The online course highlighted the benefits of “active learning,” Pagano said. Students could use applets (small applications that run within larger programs) to run their own simulations—rather than just digest simulations presented to them—which helped them explore and better understand concepts, he said.
“Plus, very importantly, students had complete control of the speed at which they received the material,” Pagano said. “They could literally speed up or slow down the speed at which the videos ran. They could stop them or replay them or skip them. They could pause them as they searched for information on the Internet. In other words, they did not just sit in class and sleep while the professor performed—they had to be active in learning the material.”

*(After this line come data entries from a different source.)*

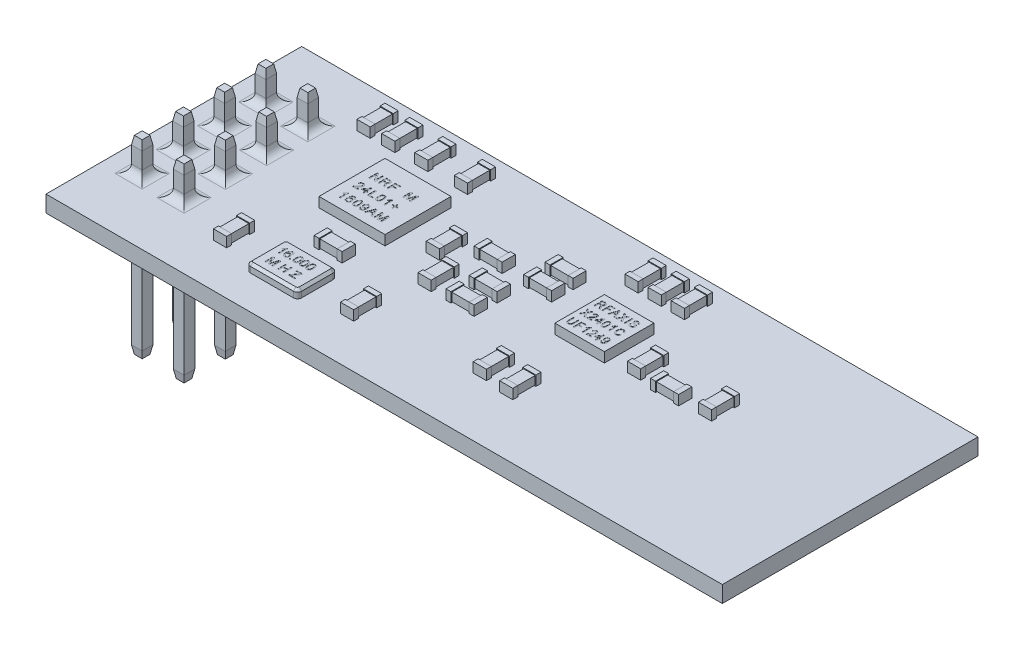
SolidWorks part; units mm, degrees
ref_plane "Спереди" through (0, 0, 0) normal (0, 0, 1) x (1, 0, 0)
ref_plane "Сверху" through (0, 0, 0) normal (0, 1, 0) x (1, 0, 0)
ref_plane "Справа" through (0, 0, 0) normal (1, 0, 0) x (0, 0, -1)
sketch "Эскиз1" plane through (0, 0, 0) normal (0, 1, 0) x (1, 0, 0)
  line L1 (0, -7.75) -> (41, -7.75)
  line L2 (0, -7.75) -> (0, 7.75)
  line L3 (0, 7.75) -> (41, 7.75)
  line L4 (41, -7.75) -> (41, 7.75)
  dimension "D1" = 41
  dimension "D2" = 15.5
extrude "Бобышка-Вытянуть1" add sketch "Эскиз1" along normal blind 1
sketch "Эскиз2" plane through (0, 0, 0) normal (0, -1, 0) x (1, 0, 0)
  line L0 (0, 0) -> (0.6, 0) construction
  line L1 (0, -7.75) -> (0, 7.75) construction
  line L2 (0.6, 4.5) -> (0.6, 3)
  line L3 (0.6, 3) -> (1.1, 2.5)
  line L4 (1.1, 2.5) -> (0.6, 2)
  line L5 (0.6, 2) -> (0.6, 0.5)
  line L6 (0.6, 0.5) -> (1.1, 0)
  line L7 (1.1, 0) -> (0.6, -0.5)
  line L8 (0.6, -0.5) -> (0.6, -2)
  line L9 (0.6, -2) -> (1.1, -2.5)
  line L10 (1.1, -2.5) -> (0.6, -3)
  line L11 (0.6, -3) -> (0.6, -4.5)
  line L12 (0.6, -4.5) -> (1.1, -5)
  line L13 (1.1, -5) -> (5.1, -5)
  line L14 (5.1, -5) -> (5.6, -4.5)
  line L15 (5.6, -4.5) -> (5.6, -3)
  line L16 (5.6, -3) -> (5.1, -2.5)
  line L17 (5.1, -2.5) -> (5.6, -2)
  line L18 (5.6, -2) -> (5.6, -0.5)
  line L19 (5.6, -0.5) -> (5.1, 0)
  line L20 (5.1, 0) -> (5.6, 0.5)
  line L21 (5.6, 0.5) -> (5.6, 2)
  line L22 (5.6, 2) -> (5.1, 2.5)
  line L23 (5.1, 2.5) -> (5.6, 3)
  line L24 (5.6, 3) -> (5.6, 4.5)
  line L25 (5.6, 4.5) -> (5.1, 5)
  line L26 (5.1, 5) -> (1.1, 5)
  line L27 (1.1, 5) -> (0.6, 4.5)
  line L28 (0.6, 0.5) -> (0.6, -0.5) construction
  line L29 (1.1, 2.5) -> (5.1, 2.5) construction
  line L30 (1.1, 0) -> (5.1, 0) construction
  line L31 (1.1, -2.5) -> (5.1, -2.5) construction
  dimension "D1" = 5
  dimension "D2" = 10
  dimension "D3" = 0.5
  dimension "D4" = 0.6
extrude "Бобышка-Вытянуть2" add sketch "Эскиз2" along normal blind 2.5
sketch "Эскиз3" plane through (0, -2.5, 0) normal (0, -1, 0) x (1, 0, 0)
  line L0 (3.1, 5) -> (3.1, -5) construction
  line L1 (5.1, 5) -> (1.1, 5) construction
  line L2 (1.1, -5) -> (5.1, -5) construction
  line L3 (1.83, 3.75) -> (4.37, 3.75) construction
  line L4 (0.6, 3.75) -> (1.83, 3.75) construction
  line L5 (0.6, 4.5) -> (0.6, 3) construction
  line L6 (0.6, 1.25) -> (1.83, 1.25) construction
  line L7 (0.6, 2) -> (0.6, 0.5) construction
  line L8 (1.83, 1.25) -> (4.37, 1.25) construction
  line L9 (4.37, 1.25) -> (4.37, 3.75) construction
  line L10 (1.83, 3.75) -> (1.83, 1.25) construction
  line L11 (0.6, -1.25) -> (1.83, -1.25) construction
  line L12 (0.6, -0.5) -> (0.6, -2) construction
  line L13 (1.83, -1.25) -> (1.83, 1.25) construction
  line L14 (1.83, -1.25) -> (4.37, -1.25) construction
  line L15 (4.37, -1.25) -> (4.37, 1.25) construction
  line L16 (0.6, -3.75) -> (1.83, -3.75) construction
  line L17 (0.6, -3) -> (0.6, -4.5) construction
  line L18 (1.83, -3.75) -> (1.83, -1.25) construction
  line L19 (1.83, -3.75) -> (4.37, -3.75) construction
  line L20 (4.37, -3.75) -> (4.37, -1.25) construction
  line L21 (1.505, 4.075) -> (2.155, 3.425) construction
  line L22 (1.505, 3.425) -> (2.155, 3.425)
  line L23 (1.505, 3.425) -> (1.505, 4.075)
  line L24 (1.505, 4.075) -> (2.155, 4.075)
  line L25 (2.155, 3.425) -> (2.155, 4.075)
  line L26 (4.045, 3.425) -> (4.695, 3.425)
  line L27 (4.045, 3.425) -> (4.045, 4.075)
  line L28 (4.045, 4.075) -> (4.695, 4.075)
  line L29 (4.695, 3.425) -> (4.695, 4.075)
  line L30 (1.505, 0.925) -> (2.155, 0.925)
  line L31 (1.505, 0.925) -> (1.505, 1.575)
  line L32 (1.505, 1.575) -> (2.155, 1.575)
  line L33 (2.155, 0.925) -> (2.155, 1.575)
  line L34 (4.045, 0.925) -> (4.695, 0.925)
  line L35 (4.045, 0.925) -> (4.045, 1.575)
  line L36 (4.045, 1.575) -> (4.695, 1.575)
  line L37 (4.695, 0.925) -> (4.695, 1.575)
  line L38 (1.505, -1.575) -> (2.155, -1.575)
  line L39 (1.505, -1.575) -> (1.505, -0.925)
  line L40 (1.505, -0.925) -> (2.155, -0.925)
  line L41 (2.155, -1.575) -> (2.155, -0.925)
  line L42 (4.045, -1.575) -> (4.695, -1.575)
  line L43 (4.045, -1.575) -> (4.045, -0.925)
  line L44 (4.045, -0.925) -> (4.695, -0.925)
  line L45 (4.695, -1.575) -> (4.695, -0.925)
  line L46 (1.505, -4.075) -> (2.155, -4.075)
  line L47 (1.505, -4.075) -> (1.505, -3.425)
  line L48 (1.505, -3.425) -> (2.155, -3.425)
  line L49 (2.155, -4.075) -> (2.155, -3.425)
  line L50 (4.045, -4.075) -> (4.695, -4.075)
  line L51 (4.045, -4.075) -> (4.045, -3.425)
  line L52 (4.045, -3.425) -> (4.695, -3.425)
  line L53 (4.695, -4.075) -> (4.695, -3.425)
  line L54 (4.045, 4.075) -> (4.695, 3.425) construction
  line L55 (1.505, 1.575) -> (2.155, 0.925) construction
  line L56 (4.045, 1.575) -> (4.695, 0.925) construction
  line L57 (1.505, -0.925) -> (2.155, -1.575) construction
  line L58 (4.045, -0.925) -> (4.695, -1.575) construction
  line L59 (1.505, -3.425) -> (2.155, -4.075) construction
  line L60 (4.045, -3.425) -> (4.695, -4.075) construction
  point P8 (3.1, 3.75)
  dimension "D1" = 2.54
  dimension "D2" = 0.65
extrude "Бобышка-Вытянуть3" add sketch "Эскиз3" along normal blind 6
sketch "Эскиз8" plane through (0, 1, 0) normal (0, 1, 0) x (1, 0, 0)
  line L0 (2.155, -3.425) -> (2.155, -4.075) construction
  line L1 (1.505, 3.425) -> (2.155, 3.425)
  line L2 (1.505, 3.425) -> (1.505, 4.075)
  line L3 (1.505, 4.075) -> (2.155, 4.075)
  line L4 (2.155, 3.425) -> (2.155, 4.075)
  line L5 (4.045, 3.425) -> (4.695, 3.425)
  line L6 (4.045, 3.425) -> (4.045, 4.075)
  line L7 (4.045, 4.075) -> (4.695, 4.075)
  line L8 (4.695, 3.425) -> (4.695, 4.075)
  line L9 (1.505, 0.925) -> (2.155, 0.925)
  line L10 (1.505, 0.925) -> (1.505, 1.575)
  line L11 (1.505, 1.575) -> (2.155, 1.575)
  line L12 (2.155, 0.925) -> (2.155, 1.575)
  line L13 (4.045, 0.925) -> (4.695, 0.925)
  line L14 (4.045, 0.925) -> (4.045, 1.575)
  line L15 (4.045, 1.575) -> (4.695, 1.575)
  line L16 (4.695, 0.925) -> (4.695, 1.575)
  line L17 (1.505, -1.575) -> (2.155, -1.575)
  line L18 (1.505, -1.575) -> (1.505, -0.925)
  line L19 (1.505, -0.925) -> (2.155, -0.925)
  line L20 (2.155, -1.575) -> (2.155, -0.925)
  line L21 (4.045, -1.575) -> (4.695, -1.575)
  line L22 (4.045, -1.575) -> (4.045, -0.925)
  line L23 (4.045, -0.925) -> (4.695, -0.925)
  line L24 (4.695, -1.575) -> (4.695, -0.925)
  line L25 (1.505, -4.075) -> (2.155, -4.075)
  line L26 (1.505, -4.075) -> (1.505, -3.425)
  line L27 (1.505, -3.425) -> (2.155, -3.425)
  line L28 (2.155, -4.075) -> (2.155, -3.425)
  line L30 (4.045, -4.075) -> (4.695, -4.075)
  line L31 (4.045, -4.075) -> (4.045, -3.425)
  line L32 (4.045, -3.425) -> (4.695, -3.425)
  line L33 (4.695, -4.075) -> (4.695, -3.425)
extrude "Бобышка-Вытянуть5" add sketch "Эскиз8" along normal blind 2
chamfer "Фаска1" distance 0.5 angle 10 64 edges at (4.37, -8.5, -4.075) (4.695, -8.5, -3.75) (4.37, -8.5, -3.425) (4.045, -8.5, -3.75) (2.155, -8.5, -3.75) (1.83, -8.5, -4.075) (1.505, -8.5, -3.75) (1.83, -8.5, -3.425) (4.37, -8.5, -1.575) (4.695, -8.5, -1.25) (4.37, -8.5, -0.925) (4.045, -8.5, -1.25) (2.155, -8.5, -1.25) (1.83, -8.5, -1.575) (1.505, -8.5, -1.25) (1.83, -8.5, -0.925) (4.37, -8.5, 0.925) (4.695, -8.5, 1.25) (4.37, -8.5, 1.575) (4.045, -8.5, 1.25) (2.155, -8.5, 1.25) (1.83, -8.5, 0.925) (1.505, -8.5, 1.25) (1.83, -8.5, 1.575) (4.37, -8.5, 3.425) (4.695, -8.5, 3.75) (4.37, -8.5, 4.075) (4.045, -8.5, 3.75) (2.155, -8.5, 3.75) (1.83, -8.5, 4.075) (1.505, -8.5, 3.75) (1.83, -8.5, 3.425) (4.695, 3, -3.75) (4.37, 3, -4.075) (4.045, 3, -3.75) (4.37, 3, -3.425) (2.155, 3, -3.75) (1.83, 3, -4.075) (1.505, 3, -3.75) (1.83, 3, -3.425) (4.695, 3, -1.25) (4.37, 3, -1.575) (4.045, 3, -1.25) (4.37, 3, -0.925) (2.155, 3, -1.25) (1.83, 3, -1.575) (1.505, 3, -1.25) (1.83, 3, -0.925) (4.695, 3, 1.25) (4.37, 3, 0.925) (4.045, 3, 1.25) (4.37, 3, 1.575) (2.155, 3, 1.25) (1.83, 3, 0.925) (1.505, 3, 1.25) (1.83, 3, 1.575) (4.695, 3, 3.75) (4.37, 3, 3.425) (4.045, 3, 3.75) (4.37, 3, 4.075) (2.155, 3, 3.75) (1.83, 3, 3.425) (1.505, 3, 3.75) (1.83, 3, 4.075)
fillet "Скругление1" radius 0.5 32 edges at (1.83, 1, 3.425) (1.505, 1, 3.75) (2.155, 1, 3.75) (1.83, 1, 4.075) (4.695, 1, -3.75) (4.37, 1, -4.075) (4.045, 1, -3.75) (4.37, 1, -3.425) (2.155, 1, -3.75) (1.83, 1, -4.075) (1.505, 1, -3.75) (1.83, 1, -3.425) (4.695, 1, -1.25) (4.37, 1, -1.575) (4.045, 1, -1.25) (4.37, 1, -0.925) (2.155, 1, -1.25) (1.83, 1, -1.575) (1.505, 1, -1.25) (1.83, 1, -0.925) (2.155, 1, 1.25) (1.83, 1, 0.925) (1.505, 1, 1.25) (1.83, 1, 1.575) (4.695, 1, 1.25) (4.37, 1, 0.925) (4.045, 1, 1.25) (4.37, 1, 1.575) (4.695, 1, 3.75) (4.37, 1, 3.425) (4.045, 1, 3.75) (4.37, 1, 4.075)
sketch "Эскиз9" plane through (0, 1, 0) normal (0, 1, 0) x (1, 0, 0)
  line L0 (6.5, 6.4) -> (6.5, 5.3) construction
  line L1 (6.1, 6.4) -> (6.9, 6.4)
  line L2 (6.1, 6.4) -> (6.1, 6.7)
  line L3 (6.1, 6.7) -> (6.9, 6.7)
  line L4 (6.9, 6.4) -> (6.9, 6.7)
  line L5 (7.6, 6.4) -> (8.4, 6.4)
  line L6 (7.6, 6.4) -> (7.6, 6.7)
  line L7 (7.6, 6.7) -> (8.4, 6.7)
  line L8 (8.4, 6.4) -> (8.4, 6.7)
  line L9 (9.6, 6.4) -> (10.4, 6.4)
  line L10 (9.6, 6.4) -> (9.6, 6.7)
  line L11 (9.6, 6.7) -> (10.4, 6.7)
  line L12 (10.4, 6.4) -> (10.4, 6.7)
  line L13 (12, 6.4) -> (12.8, 6.4)
  line L14 (12, 6.4) -> (12, 6.7)
  line L15 (12, 6.7) -> (12.8, 6.7)
  line L16 (12.8, 6.4) -> (12.8, 6.7)
  line L17 (8, 6.4) -> (8, 5.3) construction
  line L18 (10, 6.4) -> (10, 5.3) construction
  line L19 (12.4, 6.4) -> (12.4, 5.3) construction
  line L20 (7.9, -3.7) -> (7.9, -4.8) construction
  line L21 (6.1, 5) -> (6.9, 5)
  line L22 (6.1, 5) -> (6.1, 5.3)
  line L23 (6.1, 5.3) -> (6.9, 5.3)
  line L24 (6.9, 5) -> (6.9, 5.3)
  line L25 (7.6, 5) -> (8.4, 5)
  line L26 (7.6, 5) -> (7.6, 5.3)
  line L27 (7.6, 5.3) -> (8.4, 5.3)
  line L28 (8.4, 5) -> (8.4, 5.3)
  line L29 (9.6, 5) -> (10.4, 5)
  line L30 (9.6, 5) -> (9.6, 5.3)
  line L31 (9.6, 5.3) -> (10.4, 5.3)
  line L32 (10.4, 5) -> (10.4, 5.3)
  line L33 (12, 5) -> (12.8, 5)
  line L34 (12, 5) -> (12, 5.3)
  line L35 (12, 5.3) -> (12.8, 5.3)
  line L36 (12.8, 5) -> (12.8, 5.3)
  line L37 (7.5, -3.7) -> (8.3, -3.7)
  line L38 (7.5, -3.7) -> (7.5, -3.4)
  line L39 (7.5, -3.4) -> (8.3, -3.4)
  line L40 (8.3, -3.7) -> (8.3, -3.4)
  line L41 (7.5, -5.1) -> (8.3, -5.1)
  line L42 (7.5, -5.1) -> (7.5, -4.8)
  line L43 (7.5, -4.8) -> (8.3, -4.8)
  line L44 (8.3, -5.1) -> (8.3, -4.8)
  line L45 (22.75, 6.4) -> (22.75, 5.3) construction
  line L46 (22.35, 6.7) -> (23.15, 6.7)
  line L47 (22.35, 6.7) -> (22.35, 6.4)
  line L48 (22.35, 6.4) -> (23.15, 6.4)
  line L49 (23.15, 6.7) -> (23.15, 6.4)
  line L50 (23.75, 6.7) -> (24.55, 6.7)
  line L51 (23.75, 6.7) -> (23.75, 6.4)
  line L52 (23.75, 6.4) -> (24.55, 6.4)
  line L53 (24.55, 6.7) -> (24.55, 6.4)
  line L54 (25.15, 6.7) -> (25.95, 6.7)
  line L55 (25.15, 6.7) -> (25.15, 6.4)
  line L56 (25.15, 6.4) -> (25.95, 6.4)
  line L57 (25.95, 6.7) -> (25.95, 6.4)
  line L58 (22.35, 5) -> (23.15, 5)
  line L59 (22.35, 5) -> (22.35, 5.3)
  line L60 (22.35, 5.3) -> (23.15, 5.3)
  line L61 (23.15, 5) -> (23.15, 5.3)
  line L62 (23.75, 5) -> (24.55, 5)
  line L63 (23.75, 5) -> (23.75, 5.3)
  line L64 (23.75, 5.3) -> (24.55, 5.3)
  line L65 (24.55, 5) -> (24.55, 5.3)
  line L66 (25.15, 5) -> (25.95, 5)
  line L67 (25.15, 5) -> (25.15, 5.3)
  line L68 (25.15, 5.3) -> (25.95, 5.3)
  line L69 (25.95, 5) -> (25.95, 5.3)
  line L70 (24.15, 6.4) -> (24.15, 5.3) construction
  line L71 (25.55, 6.4) -> (25.55, 5.3) construction
  line L72 (11.2, -2) -> (12.3, -2) construction
  line L73 (10.9, -2.4) -> (11.2, -2.4)
  line L74 (10.9, -2.4) -> (10.9, -1.6)
  line L75 (10.9, -1.6) -> (11.2, -1.6)
  line L76 (11.2, -2.4) -> (11.2, -1.6)
  line L77 (12.3, -2.4) -> (12.6, -2.4)
  line L78 (12.3, -2.4) -> (12.3, -1.6)
  line L79 (12.3, -1.6) -> (12.6, -1.6)
  line L80 (12.6, -2.4) -> (12.6, -1.6)
  line L81 (15.6, -3.7) -> (15.6, -4.8) construction
  line L82 (15.2, -3.4) -> (16, -3.4)
  line L83 (15.2, -3.4) -> (15.2, -3.7)
  line L84 (15.2, -3.7) -> (16, -3.7)
  line L85 (16, -3.4) -> (16, -3.7)
  line L86 (15.2, -5.1) -> (16, -5.1)
  line L87 (15.2, -5.1) -> (15.2, -4.8)
  line L88 (15.2, -4.8) -> (16, -4.8)
  line L89 (16, -5.1) -> (16, -4.8)
  line L90 (27.4, 1.9) -> (27.4, 0.8) construction
  line L91 (27, 1.9) -> (27.8, 1.9)
  line L92 (27, 1.9) -> (27, 2.2)
  line L93 (27, 2.2) -> (27.8, 2.2)
  line L94 (27.8, 1.9) -> (27.8, 2.2)
  line L95 (27, 0.5) -> (27.8, 0.5)
  line L96 (27, 0.5) -> (27, 0.8)
  line L97 (27, 0.8) -> (27.8, 0.8)
  line L98 (27.8, 0.5) -> (27.8, 0.8)
  line L99 (31.7, 1.9) -> (31.7, 0.8) construction
  line L100 (31.3, 2.2) -> (32.1, 2.2)
  line L101 (31.3, 2.2) -> (31.3, 1.9)
  line L102 (31.3, 1.9) -> (32.1, 1.9)
  line L103 (32.1, 2.2) -> (32.1, 1.9)
  line L104 (31.3, 0.5) -> (32.1, 0.5)
  line L105 (31.3, 0.5) -> (31.3, 0.8)
  line L106 (31.3, 0.8) -> (32.1, 0.8)
  line L107 (32.1, 0.5) -> (32.1, 0.8)
  line L108 (28.9, 0.7) -> (30, 0.7) construction
  line L109 (28.6, 0.3) -> (28.9, 0.3)
  line L110 (28.6, 0.3) -> (28.6, 1.1)
  line L111 (28.6, 1.1) -> (28.9, 1.1)
  line L112 (28.9, 0.3) -> (28.9, 1.1)
  line L113 (30, 0.3) -> (30.3, 0.3)
  line L114 (30, 0.3) -> (30, 1.1)
  line L115 (30, 1.1) -> (30.3, 1.1)
  line L116 (30.3, 0.3) -> (30.3, 1.1)
  line L117 (22.75, -2.8) -> (22.75, -3.9) construction
  line L118 (22.35, -2.8) -> (23.15, -2.8)
  line L119 (22.35, -2.8) -> (22.35, -2.5)
  line L120 (22.35, -2.5) -> (23.15, -2.5)
  line L121 (23.15, -2.8) -> (23.15, -2.5)
  line L122 (22.35, -4.2) -> (23.15, -4.2)
  line L123 (22.35, -4.2) -> (22.35, -3.9)
  line L124 (22.35, -3.9) -> (23.15, -3.9)
  line L125 (23.15, -4.2) -> (23.15, -3.9)
  line L126 (24.55, -3) -> (24.55, -4.1) construction
  line L127 (24.15, -3) -> (24.95, -3)
  line L128 (24.15, -3) -> (24.15, -2.7)
  line L129 (24.15, -2.7) -> (24.95, -2.7)
  line L130 (24.95, -3) -> (24.95, -2.7)
  line L131 (24.15, -4.4) -> (24.95, -4.4)
  line L132 (24.15, -4.4) -> (24.15, -4.1)
  line L133 (24.15, -4.1) -> (24.95, -4.1)
  line L134 (24.95, -4.4) -> (24.95, -4.1)
  line L135 (16.4, 0.2) -> (16.4, -0.9) construction
  line L136 (16, -1.2) -> (16.8, -1.2)
  line L137 (16, -1.2) -> (16, -0.9)
  line L138 (16, -0.9) -> (16.8, -0.9)
  line L139 (16.8, -1.2) -> (16.8, -0.9)
  line L140 (16, 0.2) -> (16.8, 0.2)
  line L141 (16, 0.2) -> (16, 0.5)
  line L142 (16, 0.5) -> (16.8, 0.5)
  line L143 (16.8, 0.2) -> (16.8, 0.5)
  line L144 (15, 2.1) -> (15, 1) construction
  line L145 (14.6, 0.7) -> (15.4, 0.7)
  line L146 (14.6, 0.7) -> (14.6, 1)
  line L147 (14.6, 1) -> (15.4, 1)
  line L148 (15.4, 0.7) -> (15.4, 1)
  line L149 (14.6, 2.1) -> (15.4, 2.1)
  line L150 (14.6, 2.1) -> (14.6, 2.4)
  line L151 (14.6, 2.4) -> (15.4, 2.4)
  line L152 (15.4, 2.1) -> (15.4, 2.4)
  line L153 (16.6, 2.3) -> (17.7, 2.3) construction
  line L154 (16.3, 1.9) -> (16.6, 1.9)
  line L155 (16.3, 1.9) -> (16.3, 2.7)
  line L156 (16.3, 2.7) -> (16.6, 2.7)
  line L157 (16.6, 1.9) -> (16.6, 2.7)
  line L158 (17.7, 1.9) -> (18, 1.9)
  line L159 (17.7, 1.9) -> (17.7, 2.7)
  line L160 (17.7, 2.7) -> (18, 2.7)
  line L161 (18, 1.9) -> (18, 2.7)
  line L162 (19.3, 1.9) -> (19.6, 1.9)
  line L163 (19.3, 1.9) -> (19.3, 2.7)
  line L164 (19.3, 2.7) -> (19.6, 2.7)
  line L165 (19.6, 1.9) -> (19.6, 2.7)
  line L166 (20.7, 1.9) -> (21, 1.9)
  line L167 (20.7, 1.9) -> (20.7, 2.7)
  line L168 (20.7, 2.7) -> (21, 2.7)
  line L169 (21, 1.9) -> (21, 2.7)
  line L170 (19.3, 3.2) -> (19.6, 3.2)
  line L171 (19.3, 3.2) -> (19.3, 4)
  line L172 (19.3, 4) -> (19.6, 4)
  line L173 (19.6, 3.2) -> (19.6, 4)
  line L174 (20.7, 3.2) -> (21, 3.2)
  line L175 (20.7, 3.2) -> (20.7, 4)
  line L176 (20.7, 4) -> (21, 4)
  line L177 (21, 3.2) -> (21, 4)
  line L178 (19.6, 2.3) -> (20.7, 2.3) construction
  line L179 (19.6, 3.6) -> (20.7, 3.6) construction
  line L180 (18, 0.6) -> (19.1, 0.6) construction
  line L181 (17.7, -1.2) -> (18, -1.2)
  line L182 (17.7, -1.2) -> (17.7, -0.4)
  line L183 (17.7, -0.4) -> (18, -0.4)
  line L184 (18, -1.2) -> (18, -0.4)
  line L185 (19.1, -1.2) -> (19.4, -1.2)
  line L186 (19.1, -1.2) -> (19.1, -0.4)
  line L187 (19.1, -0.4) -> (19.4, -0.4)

Before the course began Pagano was concerned about not being able to chat with students in class or in the cafeteria. But, he said, “It’s amazing how much of the student you can ‘see’ from the chat rooms. It was very much like the way pen pals formed friendships in the old days that lasted lifetimes.”
He added, “I had believed that the ‘brick and mortar’ classroom setting—where we sit in a lecture hall and absorb the pearls being cast at us—was the superior experience. Now I see that a good course can be delivered in another way.”
PH207x will be offered again in the future, probably in the fall of 2013.